Set down, please, exactly the lines below that run from the line with "mask Display: image('grid.jpg')" to the line with "B1 : powerlib/Measurements/Three-Phase", both lines included.
═══ Records supplied ═══
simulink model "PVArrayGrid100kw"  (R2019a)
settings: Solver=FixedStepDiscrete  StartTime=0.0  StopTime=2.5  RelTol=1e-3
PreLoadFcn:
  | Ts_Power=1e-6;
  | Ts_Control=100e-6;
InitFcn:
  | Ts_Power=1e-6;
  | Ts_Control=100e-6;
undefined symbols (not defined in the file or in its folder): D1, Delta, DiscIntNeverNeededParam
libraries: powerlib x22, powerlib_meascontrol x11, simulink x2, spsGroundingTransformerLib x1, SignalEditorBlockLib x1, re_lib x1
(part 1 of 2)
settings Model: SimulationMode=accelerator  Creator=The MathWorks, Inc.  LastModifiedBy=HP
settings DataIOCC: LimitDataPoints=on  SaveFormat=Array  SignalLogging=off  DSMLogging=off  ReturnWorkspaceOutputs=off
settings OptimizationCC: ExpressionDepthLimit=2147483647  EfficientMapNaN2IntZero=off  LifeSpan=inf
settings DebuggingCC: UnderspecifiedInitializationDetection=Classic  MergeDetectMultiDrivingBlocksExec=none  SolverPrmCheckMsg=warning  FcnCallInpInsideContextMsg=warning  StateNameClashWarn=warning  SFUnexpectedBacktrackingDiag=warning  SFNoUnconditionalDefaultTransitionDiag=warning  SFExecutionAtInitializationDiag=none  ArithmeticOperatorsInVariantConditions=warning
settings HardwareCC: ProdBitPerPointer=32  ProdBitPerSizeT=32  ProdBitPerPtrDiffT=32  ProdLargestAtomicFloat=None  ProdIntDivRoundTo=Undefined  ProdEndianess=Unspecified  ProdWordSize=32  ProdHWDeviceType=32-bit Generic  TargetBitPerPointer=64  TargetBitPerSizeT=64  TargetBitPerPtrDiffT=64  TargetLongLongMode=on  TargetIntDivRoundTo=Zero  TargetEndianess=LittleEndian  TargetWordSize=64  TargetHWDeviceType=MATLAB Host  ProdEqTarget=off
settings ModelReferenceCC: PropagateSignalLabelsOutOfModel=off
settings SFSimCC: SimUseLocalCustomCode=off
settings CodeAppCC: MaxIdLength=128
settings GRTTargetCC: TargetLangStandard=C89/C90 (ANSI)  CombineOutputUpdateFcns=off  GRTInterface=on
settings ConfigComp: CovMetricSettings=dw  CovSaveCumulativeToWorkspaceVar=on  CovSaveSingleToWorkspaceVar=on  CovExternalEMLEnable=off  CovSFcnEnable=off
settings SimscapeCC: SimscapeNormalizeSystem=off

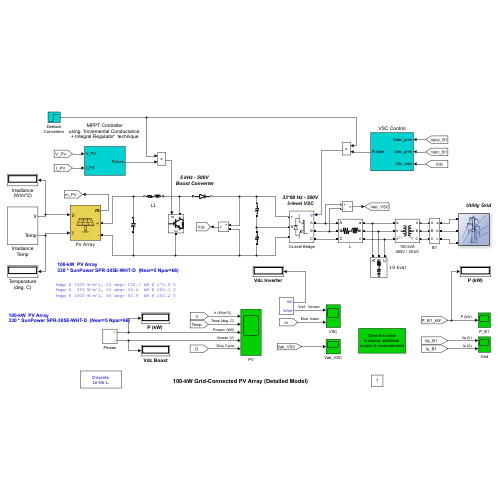
[thumbnail: Simulink's stored preview of the top-level diagram]
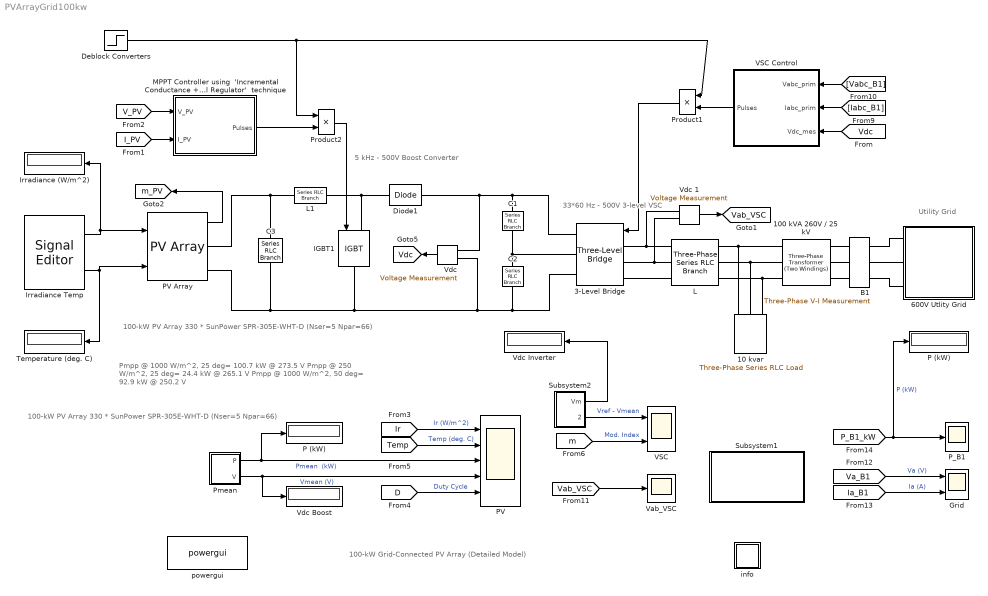
== system PVArrayGrid100kw ==
  note: 5 kHz - 500V
      | Boost Converter
  note: 33*60 Hz - 500V
      | 3-level VSC
  note: 100-kW Grid-Connected PV Array (Detailed Model)
  note: Utility Grid
  note: Pmpp @ 1000 W/m^2, 25 deg= 100.7 kW @ 273.5 V
      | Pmpp @  250 W/m^2, 25 deg= 24.4  kW @ 265.1 V
      | Pmpp @ 1000 W/m^2, 50 deg= 92.9  kW @ 250.2 V
  note: 100-kW  PV Array
      | 330 * SunPower SPR-305E-WHT-D  (Nser=5 Npar=66)
  note: 100-kW  PV Array
      | 330 * SunPower SPR-305E-WHT-D  (Nser=5 Npar=66)
  10 kvar : powerlib/Elements/Three-Phase Series RLC Load  LConnTagsString=A|B|C  Configuration=Y (grounded)  NominalVoltage=240  Vabc=[1e3 1e3 1e3]  Vabcp=[1e3 1e3 1e3]  NominalFrequency=60  UnbalancedPower=off  ActivePower=10e3/100  InductivePower=0  CapacitivePower=10e3  Pabc=[10e3 9e3 11e3]  QLabc=[100 90 110]  QCabc=[100 90 110]  Pabcp=[10e3 9e3 11e3]  QLabcp=[100 90 110]  QCabcp=[100 90 110]  Measurements=None  LoadType=constant Z
  100 kVA 260V / 25 kV : powerlib/Elements/Three-Phase Transformer (Two Windings)  Winding1Connection=Yg  Winding2Connection=Delta (D1)  CoreType=Three single-phase transformers  SetSaturation=off  Hysteresis=off  DataFile='hysteresis'  SetInitialFlux=off  Measurements=None  UNITS=pu  NominalPower=[100e3 , 60 ]  Winding1=[ 25e3 , 0.001 , 0.03 ]  Winding2=[ 260 , 0.001 , 0.03 ]  Rm=500  Lm=500  L0=0.5  Saturation=[ 0,0 ; 0.0024,1.2 ; 1.0,1.52 ]  InitialFluxes=[ 0.8 , -0.8 , 0.7 ]  BreakLoop=off  DiscreteSolver=Trapezoidal iterative  DataType=off  TransfoNumber=0
  3-Level Bridge : powerlib/Power Electronics/Three-Level Bridge  Arms=3  SnubberResistance=1e6  SbubberCapacitance=inf  Device=IGBT / Diodes  Ron=0.2e-3  ForwardVoltages="[  0  0 ]"  Measurements=None
  600V Utlity Grid : Subsystem
      mask Display: image('grid.jpg')
  B1 : powerlib/Measurements/Three-Phase V-I Measurement  VoltageMeasurement=phase-to-ground  SetLabelV=on  LabelV=Vabc_B1  Vpu=off  VpuLL=off  CurrentMeasurement=yes  SetLabelI=on  LabelI=Iabc_B1  Ipu=off  Pbase=100e6  Vbase=500e3  OutputType=Magnitude  PhasorSimulation=off  PSBequivalent=0
  C1 : powerlib/Elements/Series RLC Branch  LConnTagsString=__new0  RConnTagsString=__new0  BranchType=C  Resistance=1.0  Inductance=1.0  SetiL0=off  InitialCurrent=0  Capacitance=12000e-06  Setx0=off  InitialVoltage=0  Measurements=None
  C2 : powerlib/Elements/Series RLC Branch  LConnTagsString=__new0  RConnTagsString=__new0  BranchType=C  Resistance=1.0  Inductance=1.0  SetiL0=off  InitialCurrent=0  Capacitance=12000e-06  Setx0=off  InitialVoltage=0  Measurements=None
  C3 : powerlib/Elements/Series RLC Branch  LConnTagsString=__new0  RConnTagsString=__new0  BranchType=C  Resistance=1.0  Inductance=1.0  SetiL0=off  InitialCurrent=0  Capacitance=100e-6  Setx0=off  InitialVoltage=0  Measurements=Branch voltage
  Deblock Converters : Step  Time=0.05  SampleTime=0
  Diode1 : powerlib/Power Electronics/Diode  Ron=1e-4  Lon=0  Vf=0  IC=0  UseSnubber=off  Rs=inf  Cs=inf  Measurements=off
  Grid : Scope  NumInputPorts=2
  IGBT1 : powerlib/Power Electronics/IGBT  Ron=0.001  Lon=0  Vf=0  Tf=0  Tt=0  IC=0  Rs=1e5  Cs=inf  Measurements=off
  Irradiance (W/m^2) : Display
      settings: Format=bank  Decimation=1000
  Irradiance Temp : SignalEditorBlockLib/Signal Editor  FileName=PVArrayGridData.mat  ActiveScenario=Ramp_up_down_Irradiance  ActiveSignal=Temp  IsBus=off  OutputBusObjectStr=Bus: BusObject  SampleTime=0  OutputAfterFinalValue=Extrapolation  Unit=inherit  PreserveSignalName=on
  L : powerlib/Elements/Three-Phase Series RLC Branch  LConnTagsString=A|B|C  RConnTagsString=A|B|C  BranchType=RL  Resistance=500e-6*377/50/2  Inductance=500e-6/2  Capacitance=inf  Measurements=None
  L1 : powerlib/Elements/Series RLC Branch  LConnTagsString=__new0  RConnTagsString=__new0  BranchType=RL  Resistance=0.005  Inductance=5e-3  SetiL0=off  InitialCurrent=0  Capacitance=1e-6  Setx0=off  InitialVoltage=0  Measurements=None
  "MPPT Controller using  'Incremental Conductance + Integral Regulator'  technique " : Subsystem  mask(Boost Control - MPPT){fc=5000, T_MPPT=200e-6, Dinit=0.5}
      mask prompts: fc "PWM switching frequency (Hz)"; T_MPPT "Time window used by MPPT control (s)"; Dinit "Initial value of duty cycle"
  P (kW) : Display
      settings: Format=bank  Decimation=2000
  "P (kW) " : Display
      settings: Format=bank  Decimation=2000
  PV : Scope  NumInputPorts=5
  PV Array : re_lib/Solar/PV Array  Npar=66  Nser=5  PlotType=array @ 1000 W/m2 & specified temperatures  S_vec="[ 1000  250 ]"  Temp_C_vec="[0 25 50  ]"  ModuleName=SunPower SPR-305E-WHT-D  PlotWhenSelected=off  Pm=305.226  Ncell=96  Voc=64.2  Isc=5.96  Vm=54.7  Im=5.58  beta_Voc_pc=-0.2727  alpha_Isc_pc=0.061745  beta_Voc=-0.17507  alpha_Isc=0.00368  IL=5.9657  I0=6.3076e-12  nI=0.94489  Rsh=393.2054  Rs=0.37428  RobustModel=off  RobustCellTemperature=25  BAL=on  Tc=1e-6  Tfilter=5e-5
  P_B1 : Scope
  Pmean : Subsystem
  Product1 : Product  RndMeth=Zero
  Product2 : Product  RndMeth=Zero
  Subsystem1 : Subsystem
      mask Display: disp('Open this block\nto display additional \nscopes & measurements')
  Subsystem2 : Subsystem
  Temperature (deg. C) : Display
      settings: Format=bank  Decimation=1000
  VSC : Scope  NumInputPorts=2
  VSC Control : Subsystem  mask(VSC Main Controller){nom=[ 100e3  60 ], Vnom=[ 25e3 260 ], Vnom_dc=500, RLxfo=[0.002  0.06 ], RLchoke=[2e-3  250e-6  ], K_VDCreg=[7  800], K_Ireg=[0.3 20], Ts=Ts_Control}
      mask prompts: nom "Nominal power and frequency [ Pnom(VA)  Fnom(Hz) ]:"; Vnom "Nominal primary and secondary voltages (Vrms LL) [ Vnom_prim   Vnom_sec ]:"; Vnom_dc "Nominal DC bus voltage (V):"; RLxfo "Total transformer leakage impedance (pu/Pnom) [ Rxfo  Lxf ]"; RLchoke "Choke impedance [ R(ohm) L(H) ]"; K_VDCreg "VDC regultator gains [ Kp  Ki ]:"; K_Ireg "Current regulator gains [ Kp  Ki ]:"; Ts "Sample time"
      mask init:
      | Pnom=nom(1);
      | Fnom=nom(2);
      | Vnom_prim=Vnom(1);
      | Vnom_sec=Vnom(2);
      | Zbase=Vnom_sec^2/Pnom;
      | Rtot_pu=RLxfo(1) + RLchoke(1)/Zbase;
      | Ltot_pu=RLxfo(2) + RLchoke(2)/(Zbase/(2*pi*Fnom));
      | Kp_VDCreg=K_VDCreg(1);
      | Ki_VDCreg=K_VDCreg(2);
      | Kp_Ireg=K_Ireg(1);
      | Ki_Ireg=K_Ireg(2);
      | Vdc_ref=Vnom_dc;
      | % Used to determine initial value of Boost Control (MPPT)
      | assignin('base','Vdc_ref_Inv',Vdc_ref);
  Vab_VSC : Scope
  "Vdc " : powerlib/Measurements/Voltage Measurement  Tag=PoWeRsYsTeMmEaSuReMeNt  PhasorSimulation=off  OutputType=Magnitude  PSBequivalent=0
  Vdc 1 : powerlib/Measurements/Voltage Measurement  Tag=PoWeRsYsTeMmEaSuReMeNt  PhasorSimulation=off  OutputType=Magnitude  PSBequivalent=0
  Vdc Boost : Display
      settings: Format=bank  Decimation=2000
  Vdc Inverter : Display
      settings: Format=bank  Decimation=2000
  info : Subsystem
      settings: OpenFcn="showExample(\"simscapeelectricalsps/PVArrayGridExample\")"
      mask Display: disp('?')
  powergui : powerlib/powergui  Priority=1  SimulationMode=Discrete  SampleTime=Ts_Power  frequency=60  Iterations=50  frequencyindice=0  Pbase=100e6  ErrMax=1e-4  UnitsV=kV  UnitsW=MW  buscounter=0  FunctionMessages=off  echomessages=off  EnableUseOfTLC=off  CurrentSourceSwitches=off  DisableSnubberDevices=off  DisableRonSwitches=off  DisableVfSwitches=off  DisplayEquations=off  AutomaticDiscreteSolvers=off  SolverType=Tustin/Backward Euler (TBE)  Interpol=off  ExternalGateDelay=off  methode=off  Ts=0  x0status=blocks  SPID=off  SwTol=0  HookPort=off  NonlinearTolerance=1e-8  nMaxIteration=10  ContinueOnMaxIteration=off  RestoreLinks=warning  ResistiveCurrentMeasurement=off  Frange=[0:2:500]  Ylog=off  Xlog=on  ShowGrid=off  save=off  variable=ZData  structure=0  ZoomFFT=on  StartTime=0.0  cycles=1  DisplayStyle=1  fundamental=60  FreqAxis=off  MaxFrequency=1000  frequencyindicesteady=1  RmsSteady=1  display=off
  tag scope: Vab_VSC=global, Vdc=global, m_PV=global
  wires:
  "Vdc "/1 -> [Vdc]
  Product2/1 -> IGBT1/1
  "MPPT Controller using  'Incremental Conductance + Integral Regulator'  technique "/1(Pulses) -> Product2/2
  Deblock Converters/1 -> Product1/1, Product2/1
  [Vabc_B1] -> VSC Control/1(Vabc_prim)
  [Iabc_B1] -> VSC Control/2(Iabc_prim)
  [Vdc] -> VSC Control/3(Vdc_mes)
  VSC Control/1(Pulses) -> Product1/2
  Product1/1 -> 3-Level Bridge/1
  [I_PV] -> "MPPT Controller using  'Incremental Conductance + Integral Regulator'  technique "/2(I_PV)
  [V_PV] -> "MPPT Controller using  'Incremental Conductance + Integral Regulator'  technique "/1(V_PV)
  Pmean/1(P) -> "P (kW) "/1, PV/3  "Pmean  (kW)"
  [m] -> VSC/2  "Mod. Index"
  Vdc 1/1 -> [Vab_VSC]
  [Vab_VSC] -> Vab_VSC/1
  [Ia_B1] -> Grid/2  "Ia (A)"
  [Va_B1] -> Grid/1  "Va (V)"
  [P_B1_kW] -> P_B1/1, P (kW)/1  "P (kW)"
  Pmean/2(V) -> Vdc Boost/1, PV/4  "Vmean (V)"
  Subsystem2/2(VrVm) -> VSC/1  "Vref - Vmean"
  Subsystem2/1(Vm) -> Vdc Inverter/1
  PV Array/1 -> [m_PV]
  Irradiance Temp/1 -> PV Array/1, Irradiance (W/m^2)/1
  Irradiance Temp/2 -> PV Array/2, Temperature (deg. C)/1
  [D] -> PV/5  "Duty Cycle"
  [Temp] -> PV/2  "Temp (deg. C)"
  [Ir] -> PV/1  "Ir (W/m^2)"
  connections:
  3-Level Bridge/RConn1 -- Diode1/RConn1 -- "Vdc "/LConn1 -- C1/LConn1
  L1/RConn1 -- Diode1/LConn1 -- IGBT1/LConn1
  3-Level Bridge/RConn3 -- C2/RConn1 -- "Vdc "/LConn2 -- IGBT1/RConn1 -- PV Array/RConn2 -- C3/RConn1
  3-Level Bridge/LConn1 -- L/LConn1 -- Vdc 1/LConn1
  3-Level Bridge/LConn2 -- L/LConn2 -- Vdc 1/LConn2
  3-Level Bridge/LConn3 -- L/LConn3
  L/RConn1 -- 100 kVA 260V / 25 kV/RConn1 -- 10 kvar/LConn1
  L/RConn2 -- 100 kVA 260V / 25 kV/RConn2 -- 10 kvar/LConn2
  L/RConn3 -- 100 kVA 260V / 25 kV/RConn3 -- 10 kvar/LConn3
  B1/LConn1 -- 100 kVA 260V / 25 kV/LConn1
  B1/LConn2 -- 100 kVA 260V / 25 kV/LConn2
  B1/LConn3 -- 100 kVA 260V / 25 kV/LConn3
  C2/LConn1 -- C1/RConn1 -- 3-Level Bridge/RConn2
  C3/LConn1 -- PV Array/RConn1 -- L1/LConn1
  B1/RConn2 -- 600V Utlity Grid/LConn2
  B1/RConn1 -- 600V Utlity Grid/LConn1
  B1/RConn3 -- 600V Utlity Grid/LConn3

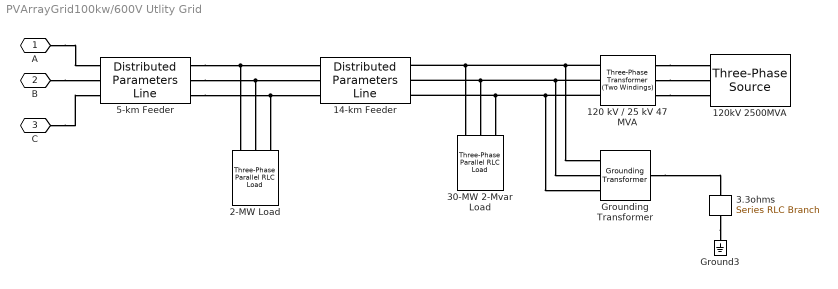
== system PVArrayGrid100kw/600V Utlity Grid ==
  120 kV / 25 kV 47 MVA : powerlib/Elements/Three-Phase Transformer (Two Windings)  Winding1Connection=Yg  Winding2Connection=Delta (D1)  CoreType=Three single-phase transformers  SetSaturation=off  Hysteresis=off  DataFile='basic_model'  SetInitialFlux=off  Measurements=None  UNITS=pu  NominalPower=[47e6 60 ]  Winding1="[ 120e3  0.08/30   0.08 ]"  Winding2="[ 25e3  0.08/30  0.08]"  Rm=500  Lm=500  L0=0.5  Saturation="[ 0,0  ;  0.005,1.2  ;  1.0,1.4 ]"  InitialFluxes=[ 0.8 , -0.8 , 0.7 ]  BreakLoop=off  DiscreteSolver=Trapezoidal iterative  DataType=off  TransfoNumber=0
  120kV 2500MVA : powerlib/Electrical Sources/Three-Phase Source  InternalConnection=Yg  VoltagePhases=off  Voltage=120e3  PhaseAngle=0  Voltage_phases=[25e3 25e3 25e3]/sqrt(3)  PhaseAngles_phases=[0 -120 +120]  Frequency=60  NonIdealSource=on  SpecifyImpedance=on  Resistance=0.8929  Inductance=16.58e-3  ShortCircuitLevel=2500e6  BaseVoltage=120e3  XRratio=7  BusType=swing  Pref=0  Qref=0  Prefabc=[10e3, 10e3, 10e3]  Qrefabc=[0, 0, 0]  Qmin=-inf  Qmax=inf
  14-km Feeder : powerlib/Elements/Distributed Parameters Line  Phases=3  Length=14  Frequency=60  Resistance=[0.1153 0.413]  Inductance=[1.05e-3 3.32e-3]  Capacitance=[11.33e-009 5.01e-009]  x1=[-5.8e-05 -3.04262372149305e-09 0 0;-5.7e-05 -3.04220635150541e-09 0 0;-5.6e-05 -3.0417885491524e-09 0 0;-5.5e-05 -3.04137031449339e-09 0 0;-5.4e-05 -3.04095164758784e-09 0 0;-5.3e-05 -3.04053254849524e-09 0 0;-5.2e-05 -3.04011301727516e-09 0 0;-5.1e-05 -3.03969305398722e-09 0 0;-5e-05 -3.0392726586911e-09 0 0;-4.9e-05 -3.03885183144656e-09 -3790.73535189758 -24061.413420025;-4.8e-05 -3.0384305723134e-09 -3781.66414358218 -24062.8407837194;-4.7e-05 -3.0380088813515e-09 -3772.59239780798 -24064.2647275475;-4.6e-05 -3.03758675862078e-09 -3763.52011586425 -24065.6852513069;-4.5e-05 -3.03716420418123e-09 -3754.44729904039 -24067.1023547957;-4.4e-05 -3.03674121809293e-09 -3745.37394862584 -24068.5160378125;-4.3e-05 -3.03631780041596e-09 -3736.30006591012 -24069.9263001565;-4.2e-05 -3.03589395121053e-09 -3727.22565218283 -24071.3331416271;-4.1e-05 -3.03546967053686e-09 -3718.15070873366 -24072.7365620244;-4e-05 -3.03504495845525e-09 -3709.07523685234 -24074.136561149;-3.9e-05 -3.03461981502607e-09 -3699.99923782872 -24075.5331388019;-3.8e-05 -3.03419424030973e-09 -3690.92271295269 -24076.9262947847;-3.7e-05 -3.03376823436673e-09 -3681.84566351423 -24078.3160288992;-3.6e-05 -3.0333417972576e-09 -3672.76809080339 -24079.7023409481;-3.5e-05 -3.03291492904295e-09 -3663.6899961103 -24081.0852307342;-3.4e-05 -3.03248762978346e-09 -3654.61138072515 -24082.4646980611;-3.3e-05 -3.03205989953984e-09 -3645.53224593822 -24083.8407427326;-3.2e-05 -3.03163173837289e-09 -3636.45259303985 -24085.2133645533;-3.1e-05 -3.03120314634346e-09 -3627.37242332047 -24086.582563328;-3e-05 -3.03077412351246e-09 -3618.29173807058 -24087.9483388622;-2.9e-05 -3.03034466994086e-09 -3609.21053858073 -24089.3106909617;-2.8e-05 -3.02991478568971e-09 -3600.12882614158 -24090.6696194329;-2.7e-05 -3.02948447082009e-09 -3591.04660204383 -24092.0251240827;-2.6e-05 -3.02905372539317e-09 -3581.96386757827 -24093.3772047185;-2.5e-05 -3.02862254947016e-09 -3572.88062403576 -24094.725861148;-2.4e-05 -3.02819094311234e-09 -3563.79687270724 -24096.0710931796;-2.3e-05 -3.02775890638106e-09 -3554.7126148837 -24097.4129006222;-2.2e-05 -3.02732643933771e-09 -3545.62785185622 -24098.7512832849;-2.1e-05 -3.02689354204376e-09 -3536.54258491595 -24100.0862409777;-2e-05 -3.02646021456073e-09 -3527.4568153541 -24101.4177735107;-1.9e-05 -3.02602645695021e-09 -3518.37054446198 -24102.7458806947;-1.8e-05 -3.02559226927385e-09 -3509.28377353094 -24104.0705623411;-1.7e-05 -3.02515765159334e-09 -3500.19650385241 -24105.3918182614;-1.6e-05 -3.02472260397047e-09 -3491.10873671789 -24106.709648268;-1.5e-05 -3.02428712646707e-09 -3482.02047341897 -24108.0240521735;-1.4e-05 -3.02385121914501e-09 -3472.93171524728 -24109.3350297912;-1.3e-05 -3.02341488206626e-09 -3463.84246349454 -24110.6425809346;-1.2e-05 -3.02297811529282e-09 -3454.75271945254 -24111.9467054181;-1.1e-05 -3.02254091888678e-09 -3445.66248441313 -24113.2474030561;-1e-05 -3.02210329291027e-09 -3436.57175966824 -24114.544673664;-9e-06 -3.02166523742548e-09 -3427.48054650986 -24115.8385170573;-8e-06 -3.02122675249467e-09 -3418.38884623006 -24117.128933052;-7e-06 -3.02078783818016e-09 -3409.29666012096 -24118.4159214649;-6e-06 -3.02034849454434e-09 -3400.20398947478 -24119.6994821131;-5e-06 -3.01990872164963e-09 -3391.11083558378 -24120.979614814;-4e-06 -3.01946851955854e-09 -3382.0171997403 -24122.2563193858;-3e-06 -3.01902788833364e-09 -3372.92308323675 -24123.529595647;-2e-06 -3.01858682803754e-09 -3363.82848736561 -24124.7994434166;-1e-06 -3.01814533873294e-09 -3354.73341341942 -24126.0658625142]  x2=[-5.8e-05 -3.19786387480592e-09 0 0;-5.7e-05 -3.19737360997783e-09 0 0;-5.6e-05 -3.19688289073164e-09 0 0;-5.5e-05 -3.1963917171371e-09 0 0;-5.4e-05 -3.19590008926401e-09 0 0;-5.3e-05 -3.19540800718224e-09 0 0;-5.2e-05 -3.19491547096173e-09 0 0;-5.1e-05 -3.19442248067248e-09 0 0;-5e-05 -3.19392903638456e-09 0 0;-4.9e-05 -3.19343513816809e-09 -3379.39242591108 -24244.0512732151;-4.8e-05 -3.19294078609326e-09 -3370.25239397928 -24245.323551305;-4.7e-05 -3.19244598023035e-09 -3361.11188305944 -24246.5923835937;-4.6e-05 -3.19195072064966e-09 -3351.97089445066 -24247.8577699009;-4.5e-05 -3.19145500742159e-09 -3342.82942945205 -24249.1197100467;-4.4e-05 -3.19095884061659e-09 -3333.68748936283 -24250.3782038519;-4.3e-05 -3.19046222030517e-09 -3324.54507548227 -24251.6332511374;-4.2e-05 -3.18996514655792e-09 -3315.40218910971 -24252.884851725;-4.1e-05 -3.18946761944548e-09 -3306.25883154457 -24254.1330054368;-4e-05 -3.18896963903856e-09 -3297.1150040863 -24255.3777120954;-3.9e-05 -3.18847120540794e-09 -3287.97070803447 -24256.6189715239;-3.8e-05 -3.18797231862445e-09 -3278.82594468867 -24257.8567835459;-3.7e-05 -3.18747297875899e-09 -3269.68071534858 -24259.0911479854;-3.6e-05 -3.18697318588254e-09 -3260.53502131394 -24260.3220646671;-3.5e-05 -3.18647294006612e-09 -3251.38886388456 -24261.5495334159;-3.4e-05 -3.18597224138084e-09 -3242.24224436031 -24262.7735540575;-3.3e-05 -3.18547108989785e-09 -3233.09516404113 -24263.9941264179;-3.2e-05 -3.18496948568837e-09 -3223.94762422702 -24265.2112503236;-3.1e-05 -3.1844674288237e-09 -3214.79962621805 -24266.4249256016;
═══
__Solved problem__:
      mask Display: image('grid.jpg')
  B1 : powerlib/Measurements/Three-Phase V-I Measurement  VoltageMeasurement=phase-to-ground  SetLabelV=on  LabelV=Vabc_B1  Vpu=off  VpuLL=off  CurrentMeasurement=yes  SetLabelI=on  LabelI=Iabc_B1  Ipu=off  Pbase=100e6  Vbase=500e3  OutputType=Magnitude  PhasorSimulation=off  PSBequivalent=0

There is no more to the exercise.